HYAL1 is responsible for the hydrolysis of intracellular hyaluronan of all sizes into fragments as small as tetrasaccharides.

In the optimal pH state of 4.0, Asp129 and Glu131 share a proton.  Intermolecular resonance in the amide bond in the N-acetylglucosamine unit of the bound hyaluronan polymer leads to a transition state with a positive charge on the nitrogen and an oxyanion nucleophile, which is stabilized by hydrogen bond interactions with Tyr247, that can perform an intramolecular attack on the electrophilic carbon.  This attack forms a 5-membered ring that is stabilized by the negative charge of Asp129 that forms as the leaving hydroxyl group of the glucuronic acid unit takes the proton from Glu131.  The now negatively charged Glu131 is primed to activate a water molecule for the hydrolysis of the intermolecular ring intermediate to restore N-acetylglucosamine.

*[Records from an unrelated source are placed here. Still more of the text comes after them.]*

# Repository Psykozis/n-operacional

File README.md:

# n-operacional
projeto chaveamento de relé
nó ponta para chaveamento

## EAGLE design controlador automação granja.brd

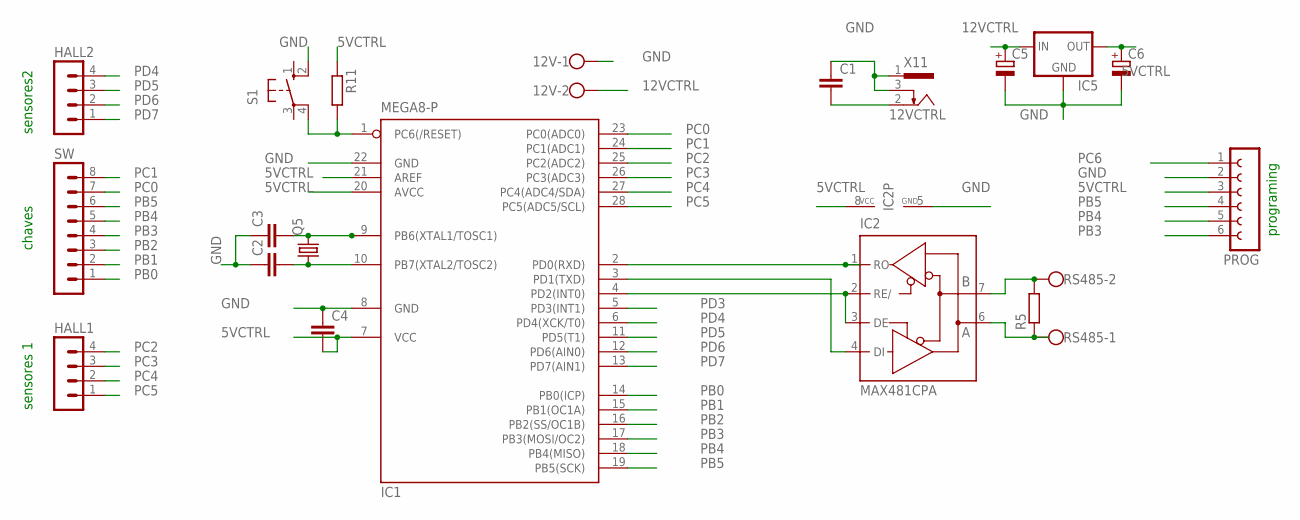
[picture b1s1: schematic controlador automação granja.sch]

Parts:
12V: W237-102
C1, C2: C-EU050-025X075; C050-025X075
C3, C4: C-EU050-024X044; C050-024X044
C5, C6: CPOL-EUE1.8-4; E1,8-4
HALL1, HALL2: MA04-1
IC1: MEGA8-P; DIL28-3
IC2: MAX481CPA; DIL08
IC5: 78LXX
PROG: FE06-1; FE06
Q5: CRYSTALHC49S; HC49/S
R5, R11: R-EU_0207/7; 0207/7
RS485: W237-102
S1: 10-XX; B3F-10XX
SW: MA08-1
X11: 733980-62

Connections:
5VCTRL: C4.2, C6.+, IC1.7 (VCC), IC1.20 (AVCC), IC1.21 (AREF), IC2.8 (VCC), IC5.OUT, PROG.3, R11.1
12VCTRL: 12V.2, C1.2, C5.+, IC5.IN, X11.2
GND: 12V.1, C1.1, C2.1, C3.1, C4.1, C5.-, C6.-, IC1.8 (GND), IC1.22 (GND), IC2.5 (GND), IC5.GND, PROG.2, S1.2 (S1), X11.1, X11.3
unnamed: IC2.7 (B), R5.2, RS485.2
unnamed: IC2.6 (A), R5.1, RS485.1
unnamed: C2.2, IC1.10 (PB7(XTAL2/TOSC2)), Q5.1
unnamed: C3.2, IC1.9 (PB6(XTAL1/TOSC1)), Q5.2
unnamed: IC1.2 (PD0(RXD)), IC2.1 (RO)
unnamed: IC1.3 (PD1(TXD)), IC2.4 (DI)
unnamed: IC1.4 (PD2(INT0)), IC2.2 (RE/), IC2.3 (DE)
PB0: IC1.14 (PB0(ICP)), SW.1
PB1: IC1.15 (PB1(OC1A)), SW.2
PB2: IC1.16 (PB2(SS/OC1B)), SW.3
PB3: IC1.17 (PB3(MOSI/OC2)), PROG.6, SW.4
PB4: IC1.18 (PB4(MISO)), PROG.5, SW.5
PB5: IC1.19 (PB5(SCK)), PROG.4, SW.6
PC0: IC1.23 (PC0(ADC0)), SW.7
PC1: IC1.24 (PC1(ADC1)), SW.8
PC2: HALL1.4, IC1.25 (PC2(ADC2))
PC3: HALL1.3, IC1.26 (PC3(ADC3))
PC4: HALL1.2, IC1.27 (PC4(ADC4/SDA))
PC5: HALL1.1, IC1.28 (PC5(ADC5/SCL))
PC6: IC1.1 (PC6(/RESET)), PROG.1, R11.2, S1.4 (P1)
PD3: IC1.5 (PD3(INT1))
PD4: HALL2.4, IC1.6 (PD4(XCK/T0))
PD5: HALL2.3, IC1.11 (PD5(T1))
PD6: HALL2.2, IC1.12 (PD6(AIN0))
PD7: HALL2.1, IC1.13 (PD7(AIN1))

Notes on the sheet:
programing
chaves
sensores 1
sensores2

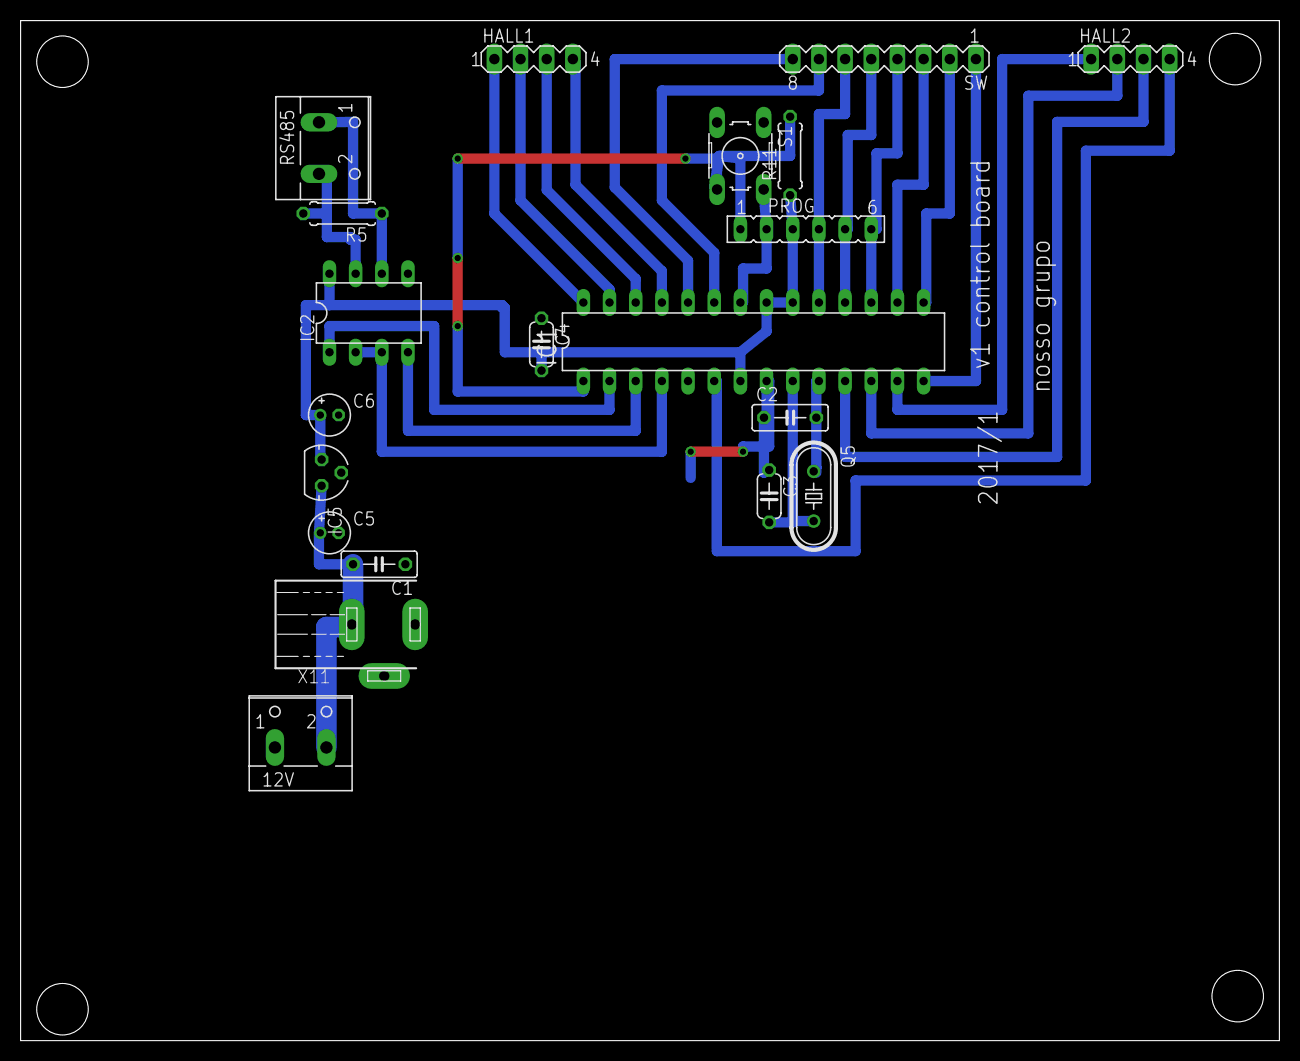
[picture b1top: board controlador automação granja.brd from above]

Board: 2 copper layers, 122.2 x 99.0 mm, 20 parts (0 on the bottom side), 27 nets.

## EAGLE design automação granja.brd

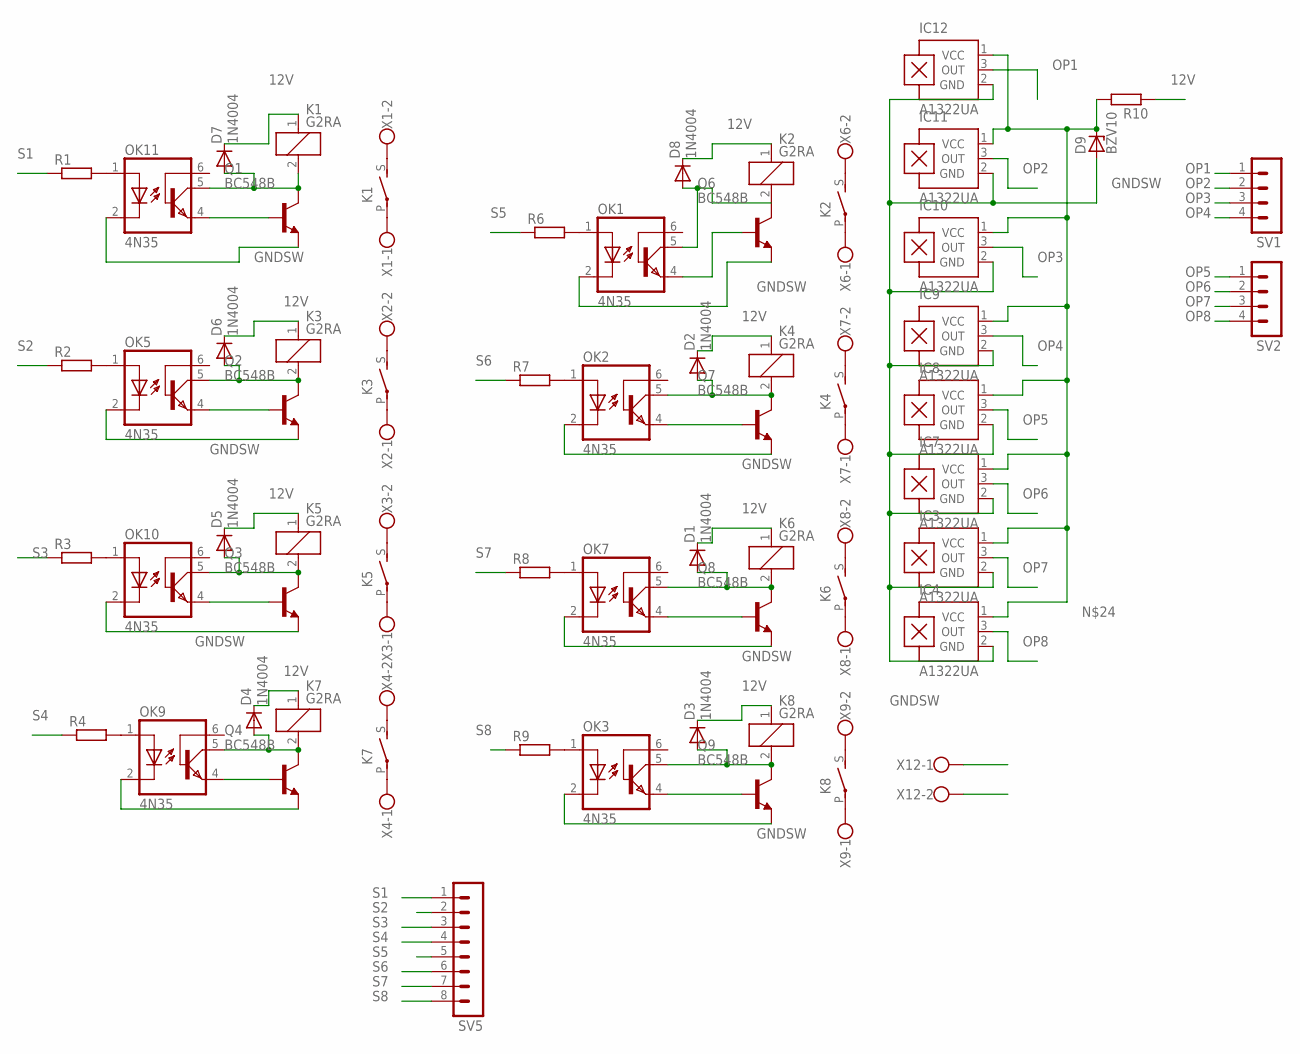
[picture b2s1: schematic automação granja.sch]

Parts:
D1, D2, D3, D4, D5, D6, D7, D8: 1N4004; DO41-10
D9: BZV10; DO34Z7
IC3, IC4, IC7, IC8, IC9, IC10, IC11, IC12: A1322UA; SIP3-UA
K1, K2, K3, K4, K5, K6, K7, K8: G2RA
OK1, OK2, OK3, OK5, OK7, OK9, OK10, OK11: 4N35; DIL06
Q1, Q2, Q3, Q4, Q6, Q7, Q8, Q9: BC548B; TO92-EBC
R1, R2, R3, R4, R6, R7, R8, R9, R10: R-EU_0207/7; 0207/7
SV1, SV2: MA04-1
SV5: MA08-1
X1, X2, X3, X4, X6, X7, X8, X9, X12: W237-102

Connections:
12V: D1.C, D2.C, D3.C, D4.C, D5.C, D6.C, D7.C, D8.C, K1.1, K2.1, K3.1, K4.1, K5.1, K6.1, K7.1, K8.1, R10.1, X12.1
GNDSW: D9.A, IC3.2 (GND), IC4.2 (GND), IC7.2 (GND), IC8.2 (GND), IC9.2 (GND), IC10.2 (GND), IC11.2 (GND), IC12.2 (GND), OK1.2 (C), OK2.2 (C), OK3.2 (C), OK5.2 (C), OK7.2 (C), OK9.2 (C), OK10.2 (C), OK11.2 (C), Q1.E, Q2.E, Q3.E, Q4.E, Q6.E, Q7.E, Q8.E, Q9.E, X12.2
unnamed: D7.A, K1.2, OK11.5 (COL), Q1.C
unnamed: K1.S, X1.2
unnamed: K1.P, X1.1
unnamed: D6.A, K3.2, OK5.5 (COL), Q2.C
unnamed: K3.S, X2.2
unnamed: K3.P, X2.1
unnamed: K5.S, X3.2
unnamed: K5.P, X3.1
unnamed: D5.A, K5.2, OK10.5 (COL), Q3.C
unnamed: K7.S, X4.2
unnamed: K7.P, X4.1
unnamed: OK1.1 (A), R6.2
unnamed: OK1.4 (EMI), Q6.B
unnamed: OK2.4 (EMI), Q7.B
unnamed: D4.A, K7.2, OK9.5 (COL), Q4.C
unnamed: OK7.4 (EMI), Q8.B
unnamed: OK3.4 (EMI), Q9.B
unnamed: D8.A, K2.2, OK1.5 (COL), Q6.C
unnamed: K2.S, X6.2
unnamed: K2.P, X6.1
unnamed: D9.C, IC3.1 (VCC), IC4.1 (VCC), IC7.1 (VCC), IC8.1 (VCC), IC9.1 (VCC), IC10.1 (VCC), IC11.1 (VCC), IC12.1 (VCC), R10.2
unnamed: D2.A, K4.2, OK2.5 (COL), Q7.C
unnamed: K4.S, X7.2
unnamed: K4.P, X7.1
unnamed: K6.S, X8.2
unnamed: K6.P, X8.1
unnamed: D1.A, K6.2, OK7.5 (COL), Q8.C
unnamed: OK2.1 (A), R7.2
unnamed: OK7.1 (A), R8.2
unnamed: K8.S, X9.2
unnamed: K8.P, X9.1
unnamed: D3.A, K8.2, OK3.5 (COL), Q9.C
unnamed: OK3.1 (A), R9.2
unnamed: OK11.1 (A), R1.2
unnamed: OK5.1 (A), R2.2
unnamed: OK10.1 (A), R3.2
unnamed: OK9.1 (A), R4.2
unnamed: OK5.4 (EMI), Q2.B
unnamed: OK10.4 (EMI), Q3.B
unnamed: OK9.4 (EMI), Q4.B
unnamed: OK11.4 (EMI), Q1.B
OP1: IC12.3 (OUT), SV1.1
OP2: IC11.3 (OUT), SV1.2
OP3: IC10.3 (OUT), SV1.3
OP4: IC9.3 (OUT), SV1.4
OP5: IC8.3 (OUT), SV2.1
OP6: IC7.3 (OUT), SV2.2
OP7: IC3.3 (OUT), SV2.3
OP8: IC4.3 (OUT), SV2.4
S1: R1.1, SV5.1
S2: R2.1, SV5.2
S3: R3.1, SV5.3
S4: R4.1, SV5.4
S5: R6.1, SV5.5
S6: R7.1, SV5.6
S7: R8.1, SV5.7
S8: R9.1, SV5.8

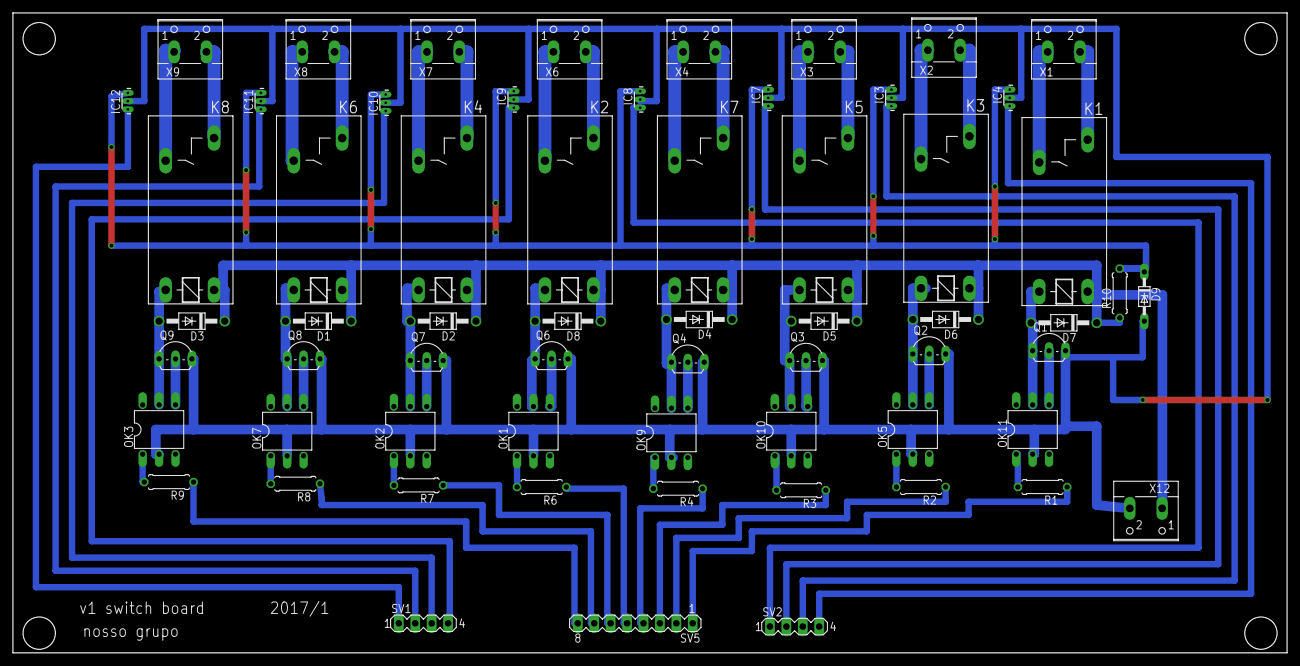
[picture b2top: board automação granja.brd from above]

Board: 2 copper layers, 197.1 x 99.0 mm, 62 parts (0 on the bottom side), 59 nets.

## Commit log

2017-02-17 eagle
2017-02-20 separadas controle de atuação e realimentação

Tyr202 and Asn350, while not directly involved in the β1→4 linkage cleavage, were identified to be important to HYAL1 function.  HYAL1 uses Tyr202 as a substrate binding determinant and also requires proper glycosylation of Asn350 for full enzymatic function.

The optimal pH range for HYAL1 function is 4.0 to 4.3, though HYAL1 is still 50-80% active at pH 4.5.

== Disease Relevance ==
HYAL1 is implicated in several types of cancers, likely due to the angiogenic effects of HYAL1-cleaved hyaluronan fragments. In bladder, prostate, and head and neck carcinomas, elevated hyaluronan and HYAL1 levels are found in tumor cells, tissues, and related body fluids (e.g. urine for bladder cancer and saliva for head and neck cancer).  Urinary hyaluronan and hyaluronidase levels, measured by the HA-HAase test, have ~88% accuracy in detecting bladder cancer, regardless of the tumor grade and stage.

In breast cancer, HYAL1 is also overexpressed in cell lines MDA-MB-231 and MCF-7 and invasive duct cancer tissues and metastatic lymph nodes.  Higher HYAL1 expression has also been detected in primary tumor tissue from patients with subsequent brain metastases versus those without.